(Items listed in a dataset)

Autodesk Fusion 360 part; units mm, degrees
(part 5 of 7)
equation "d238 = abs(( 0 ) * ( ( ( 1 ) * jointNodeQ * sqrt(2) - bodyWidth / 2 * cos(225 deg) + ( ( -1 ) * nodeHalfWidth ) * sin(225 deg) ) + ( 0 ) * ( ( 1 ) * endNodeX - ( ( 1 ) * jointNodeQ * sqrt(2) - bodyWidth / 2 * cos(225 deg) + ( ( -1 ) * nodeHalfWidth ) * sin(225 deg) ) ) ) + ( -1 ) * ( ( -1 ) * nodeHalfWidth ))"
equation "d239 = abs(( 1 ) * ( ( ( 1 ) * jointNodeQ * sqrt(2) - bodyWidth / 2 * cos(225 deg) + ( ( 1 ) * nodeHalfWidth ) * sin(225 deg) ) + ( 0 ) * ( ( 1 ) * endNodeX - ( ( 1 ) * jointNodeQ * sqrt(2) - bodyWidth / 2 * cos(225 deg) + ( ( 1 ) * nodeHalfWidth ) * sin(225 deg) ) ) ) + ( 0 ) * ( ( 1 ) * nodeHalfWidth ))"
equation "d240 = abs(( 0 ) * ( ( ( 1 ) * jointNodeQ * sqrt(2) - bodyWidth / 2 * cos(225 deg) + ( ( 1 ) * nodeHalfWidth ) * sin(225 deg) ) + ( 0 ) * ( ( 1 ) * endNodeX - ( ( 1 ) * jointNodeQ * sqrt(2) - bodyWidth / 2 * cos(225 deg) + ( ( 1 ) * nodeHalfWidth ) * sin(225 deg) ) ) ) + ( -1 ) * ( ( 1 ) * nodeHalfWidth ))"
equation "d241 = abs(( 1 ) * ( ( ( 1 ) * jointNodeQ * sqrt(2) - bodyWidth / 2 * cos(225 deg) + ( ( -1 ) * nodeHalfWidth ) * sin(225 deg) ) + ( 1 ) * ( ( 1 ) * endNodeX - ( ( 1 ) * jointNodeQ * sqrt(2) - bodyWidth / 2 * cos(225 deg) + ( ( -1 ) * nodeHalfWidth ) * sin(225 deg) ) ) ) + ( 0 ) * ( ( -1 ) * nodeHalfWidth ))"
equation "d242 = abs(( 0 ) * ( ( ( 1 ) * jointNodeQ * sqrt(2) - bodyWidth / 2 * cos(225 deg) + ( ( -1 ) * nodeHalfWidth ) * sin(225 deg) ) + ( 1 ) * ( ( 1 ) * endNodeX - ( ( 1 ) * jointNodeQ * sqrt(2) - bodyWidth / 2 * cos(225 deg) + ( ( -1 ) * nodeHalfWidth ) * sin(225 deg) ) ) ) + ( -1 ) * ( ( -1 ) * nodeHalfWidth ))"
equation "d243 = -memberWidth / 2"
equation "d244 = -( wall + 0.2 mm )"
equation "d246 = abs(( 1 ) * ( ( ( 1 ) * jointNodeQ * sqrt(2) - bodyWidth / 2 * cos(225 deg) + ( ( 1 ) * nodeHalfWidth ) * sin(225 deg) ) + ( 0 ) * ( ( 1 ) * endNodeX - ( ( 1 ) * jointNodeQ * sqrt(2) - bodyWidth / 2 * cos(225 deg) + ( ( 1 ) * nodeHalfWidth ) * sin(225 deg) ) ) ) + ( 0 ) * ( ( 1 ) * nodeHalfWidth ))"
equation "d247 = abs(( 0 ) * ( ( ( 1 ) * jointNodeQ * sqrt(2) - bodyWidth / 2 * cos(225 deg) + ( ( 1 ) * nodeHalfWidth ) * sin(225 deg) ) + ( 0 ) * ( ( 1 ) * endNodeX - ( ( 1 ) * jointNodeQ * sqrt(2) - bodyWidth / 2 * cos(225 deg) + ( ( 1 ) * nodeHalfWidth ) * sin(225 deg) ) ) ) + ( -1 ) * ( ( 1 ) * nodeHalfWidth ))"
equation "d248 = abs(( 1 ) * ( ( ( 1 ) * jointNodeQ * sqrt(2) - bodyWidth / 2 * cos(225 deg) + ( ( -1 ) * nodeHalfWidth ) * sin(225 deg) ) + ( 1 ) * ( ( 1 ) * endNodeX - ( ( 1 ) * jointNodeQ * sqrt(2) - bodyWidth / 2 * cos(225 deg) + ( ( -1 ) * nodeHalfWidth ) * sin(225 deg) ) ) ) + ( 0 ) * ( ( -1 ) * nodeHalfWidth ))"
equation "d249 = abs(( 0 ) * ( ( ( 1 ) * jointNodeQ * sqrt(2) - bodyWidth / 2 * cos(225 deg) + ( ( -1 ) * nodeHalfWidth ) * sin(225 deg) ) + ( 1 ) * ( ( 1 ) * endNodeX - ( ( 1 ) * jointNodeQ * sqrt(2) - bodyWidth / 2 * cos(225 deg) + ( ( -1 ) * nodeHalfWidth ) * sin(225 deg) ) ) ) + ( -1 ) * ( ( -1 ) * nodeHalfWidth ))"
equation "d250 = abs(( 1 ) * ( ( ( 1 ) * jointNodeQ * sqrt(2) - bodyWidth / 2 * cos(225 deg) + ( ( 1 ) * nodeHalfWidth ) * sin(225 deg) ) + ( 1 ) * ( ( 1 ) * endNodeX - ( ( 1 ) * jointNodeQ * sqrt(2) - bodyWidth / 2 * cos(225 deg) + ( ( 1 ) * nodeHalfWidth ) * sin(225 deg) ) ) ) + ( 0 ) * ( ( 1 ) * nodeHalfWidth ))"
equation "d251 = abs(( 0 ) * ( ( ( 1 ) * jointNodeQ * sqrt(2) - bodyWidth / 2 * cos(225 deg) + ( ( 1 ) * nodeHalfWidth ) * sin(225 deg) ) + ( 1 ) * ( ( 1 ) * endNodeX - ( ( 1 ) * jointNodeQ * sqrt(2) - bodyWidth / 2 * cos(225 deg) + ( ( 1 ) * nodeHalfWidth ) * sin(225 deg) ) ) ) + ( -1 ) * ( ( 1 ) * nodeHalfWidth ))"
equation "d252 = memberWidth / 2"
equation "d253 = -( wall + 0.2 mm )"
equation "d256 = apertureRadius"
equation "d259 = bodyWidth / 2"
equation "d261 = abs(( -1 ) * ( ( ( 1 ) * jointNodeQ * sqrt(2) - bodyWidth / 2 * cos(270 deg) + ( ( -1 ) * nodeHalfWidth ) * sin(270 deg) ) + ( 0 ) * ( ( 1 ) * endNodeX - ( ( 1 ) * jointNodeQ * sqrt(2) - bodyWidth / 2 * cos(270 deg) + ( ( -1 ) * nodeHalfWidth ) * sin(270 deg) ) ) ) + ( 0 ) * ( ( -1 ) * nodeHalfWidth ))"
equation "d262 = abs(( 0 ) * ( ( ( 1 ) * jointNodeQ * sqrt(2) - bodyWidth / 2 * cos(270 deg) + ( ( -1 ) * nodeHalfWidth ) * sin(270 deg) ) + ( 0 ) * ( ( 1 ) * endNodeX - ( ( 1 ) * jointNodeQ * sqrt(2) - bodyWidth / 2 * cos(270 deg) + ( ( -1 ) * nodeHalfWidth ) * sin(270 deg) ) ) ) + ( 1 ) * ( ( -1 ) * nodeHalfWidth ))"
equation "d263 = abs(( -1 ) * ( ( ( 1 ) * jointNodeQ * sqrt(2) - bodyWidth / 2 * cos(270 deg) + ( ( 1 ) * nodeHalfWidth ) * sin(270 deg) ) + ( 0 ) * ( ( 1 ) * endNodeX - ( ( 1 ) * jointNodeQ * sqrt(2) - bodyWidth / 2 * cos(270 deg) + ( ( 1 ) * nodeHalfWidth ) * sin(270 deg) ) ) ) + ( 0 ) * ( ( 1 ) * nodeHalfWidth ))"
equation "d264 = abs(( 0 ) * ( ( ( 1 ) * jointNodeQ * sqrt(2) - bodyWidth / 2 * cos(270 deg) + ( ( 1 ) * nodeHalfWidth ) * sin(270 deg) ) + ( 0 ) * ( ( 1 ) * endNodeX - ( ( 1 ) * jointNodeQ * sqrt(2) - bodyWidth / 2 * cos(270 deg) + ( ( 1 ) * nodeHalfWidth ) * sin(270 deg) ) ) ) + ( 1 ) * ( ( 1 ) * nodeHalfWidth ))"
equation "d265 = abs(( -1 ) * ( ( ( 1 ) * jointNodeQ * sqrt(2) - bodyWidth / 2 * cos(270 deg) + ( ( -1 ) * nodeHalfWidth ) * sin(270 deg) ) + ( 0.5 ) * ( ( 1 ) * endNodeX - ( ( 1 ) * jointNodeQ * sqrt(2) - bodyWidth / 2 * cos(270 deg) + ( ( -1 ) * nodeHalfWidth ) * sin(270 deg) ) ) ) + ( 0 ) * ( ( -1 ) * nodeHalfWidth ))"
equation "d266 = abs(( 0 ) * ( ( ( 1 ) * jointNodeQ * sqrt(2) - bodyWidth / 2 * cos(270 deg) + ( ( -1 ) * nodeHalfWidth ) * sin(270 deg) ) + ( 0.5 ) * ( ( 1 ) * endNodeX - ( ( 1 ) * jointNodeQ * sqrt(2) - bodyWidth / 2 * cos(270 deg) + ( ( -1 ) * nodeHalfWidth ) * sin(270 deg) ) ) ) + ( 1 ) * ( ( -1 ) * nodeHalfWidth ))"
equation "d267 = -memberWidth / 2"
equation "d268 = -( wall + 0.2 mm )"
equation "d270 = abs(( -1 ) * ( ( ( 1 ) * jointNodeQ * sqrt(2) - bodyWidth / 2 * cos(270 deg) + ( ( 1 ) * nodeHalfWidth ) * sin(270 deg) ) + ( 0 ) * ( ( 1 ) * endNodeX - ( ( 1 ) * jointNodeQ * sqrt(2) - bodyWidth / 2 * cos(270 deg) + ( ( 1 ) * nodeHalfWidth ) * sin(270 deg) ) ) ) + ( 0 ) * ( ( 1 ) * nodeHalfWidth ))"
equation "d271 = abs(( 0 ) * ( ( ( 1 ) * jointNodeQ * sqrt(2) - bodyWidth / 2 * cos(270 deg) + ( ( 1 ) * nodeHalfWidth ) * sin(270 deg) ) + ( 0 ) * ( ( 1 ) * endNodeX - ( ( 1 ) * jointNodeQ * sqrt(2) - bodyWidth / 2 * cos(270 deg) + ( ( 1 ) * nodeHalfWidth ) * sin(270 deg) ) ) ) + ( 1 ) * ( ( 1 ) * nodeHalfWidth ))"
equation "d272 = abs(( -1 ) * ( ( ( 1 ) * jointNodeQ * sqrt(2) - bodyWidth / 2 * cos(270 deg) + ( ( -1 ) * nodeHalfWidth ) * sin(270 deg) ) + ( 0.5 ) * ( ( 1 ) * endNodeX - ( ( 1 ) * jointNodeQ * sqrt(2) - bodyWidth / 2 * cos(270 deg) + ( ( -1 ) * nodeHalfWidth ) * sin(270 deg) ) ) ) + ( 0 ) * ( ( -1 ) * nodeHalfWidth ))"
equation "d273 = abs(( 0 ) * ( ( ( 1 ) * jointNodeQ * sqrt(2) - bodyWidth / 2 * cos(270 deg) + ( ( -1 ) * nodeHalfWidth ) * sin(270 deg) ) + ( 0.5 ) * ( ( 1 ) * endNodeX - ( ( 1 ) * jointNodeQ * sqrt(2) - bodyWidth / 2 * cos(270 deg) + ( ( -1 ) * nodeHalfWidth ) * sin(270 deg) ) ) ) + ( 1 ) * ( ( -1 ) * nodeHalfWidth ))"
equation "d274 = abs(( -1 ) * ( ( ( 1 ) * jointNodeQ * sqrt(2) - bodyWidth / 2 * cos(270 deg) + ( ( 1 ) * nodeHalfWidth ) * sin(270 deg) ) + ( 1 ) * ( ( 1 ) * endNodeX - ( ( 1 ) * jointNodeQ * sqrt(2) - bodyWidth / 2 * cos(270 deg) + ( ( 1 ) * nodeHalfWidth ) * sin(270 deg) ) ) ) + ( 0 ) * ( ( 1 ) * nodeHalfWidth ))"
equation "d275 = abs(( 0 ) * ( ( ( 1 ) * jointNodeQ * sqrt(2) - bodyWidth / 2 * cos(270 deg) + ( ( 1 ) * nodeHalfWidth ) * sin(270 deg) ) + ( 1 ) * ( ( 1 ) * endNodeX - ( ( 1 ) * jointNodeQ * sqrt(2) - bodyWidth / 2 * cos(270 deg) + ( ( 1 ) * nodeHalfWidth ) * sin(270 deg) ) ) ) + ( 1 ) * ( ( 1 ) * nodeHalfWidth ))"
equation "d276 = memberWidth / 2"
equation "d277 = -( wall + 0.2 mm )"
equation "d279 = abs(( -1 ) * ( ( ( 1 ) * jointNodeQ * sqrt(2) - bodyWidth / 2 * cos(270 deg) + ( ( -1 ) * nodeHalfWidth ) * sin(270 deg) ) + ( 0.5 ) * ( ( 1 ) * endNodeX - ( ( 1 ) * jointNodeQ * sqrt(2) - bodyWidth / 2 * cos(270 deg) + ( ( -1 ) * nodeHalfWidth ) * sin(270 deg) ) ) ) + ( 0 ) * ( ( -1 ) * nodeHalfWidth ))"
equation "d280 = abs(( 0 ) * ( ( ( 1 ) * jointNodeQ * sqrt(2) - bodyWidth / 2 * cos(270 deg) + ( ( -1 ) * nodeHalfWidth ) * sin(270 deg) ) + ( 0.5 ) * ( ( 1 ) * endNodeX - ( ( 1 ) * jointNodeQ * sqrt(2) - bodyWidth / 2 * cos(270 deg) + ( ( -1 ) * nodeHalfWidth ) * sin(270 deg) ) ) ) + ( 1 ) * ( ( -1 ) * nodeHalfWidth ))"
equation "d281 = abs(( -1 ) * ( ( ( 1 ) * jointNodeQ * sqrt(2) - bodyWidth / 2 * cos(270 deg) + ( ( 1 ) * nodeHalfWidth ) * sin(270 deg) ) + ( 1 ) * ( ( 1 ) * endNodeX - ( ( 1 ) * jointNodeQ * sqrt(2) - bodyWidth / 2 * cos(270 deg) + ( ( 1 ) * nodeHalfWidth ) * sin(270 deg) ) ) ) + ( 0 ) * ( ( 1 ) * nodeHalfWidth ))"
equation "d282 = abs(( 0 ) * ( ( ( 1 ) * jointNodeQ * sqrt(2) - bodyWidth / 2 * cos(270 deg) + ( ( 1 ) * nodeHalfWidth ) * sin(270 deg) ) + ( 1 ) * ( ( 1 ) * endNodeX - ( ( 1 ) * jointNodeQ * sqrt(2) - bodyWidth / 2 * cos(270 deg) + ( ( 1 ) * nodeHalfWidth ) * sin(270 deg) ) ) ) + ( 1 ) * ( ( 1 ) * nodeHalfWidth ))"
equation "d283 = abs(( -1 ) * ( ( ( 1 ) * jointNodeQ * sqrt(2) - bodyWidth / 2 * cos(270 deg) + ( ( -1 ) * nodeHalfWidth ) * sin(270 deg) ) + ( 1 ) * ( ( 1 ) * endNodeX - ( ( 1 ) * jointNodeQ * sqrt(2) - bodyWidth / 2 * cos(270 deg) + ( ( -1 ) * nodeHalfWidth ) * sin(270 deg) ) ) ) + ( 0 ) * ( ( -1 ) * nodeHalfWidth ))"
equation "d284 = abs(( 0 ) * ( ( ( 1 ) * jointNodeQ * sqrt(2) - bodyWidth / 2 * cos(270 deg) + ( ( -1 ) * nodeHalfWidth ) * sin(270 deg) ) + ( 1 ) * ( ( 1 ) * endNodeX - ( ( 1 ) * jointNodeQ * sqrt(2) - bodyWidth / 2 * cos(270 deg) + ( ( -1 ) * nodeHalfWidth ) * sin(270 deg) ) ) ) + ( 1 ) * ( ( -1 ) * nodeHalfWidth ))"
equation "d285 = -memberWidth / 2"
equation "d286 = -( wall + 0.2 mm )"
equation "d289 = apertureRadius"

**Exercise:**
For every line in the data above that has the string "part", return that line.

**Result of this exercise:**
Autodesk Fusion 360 part; units mm, degrees
(part 5 of 7)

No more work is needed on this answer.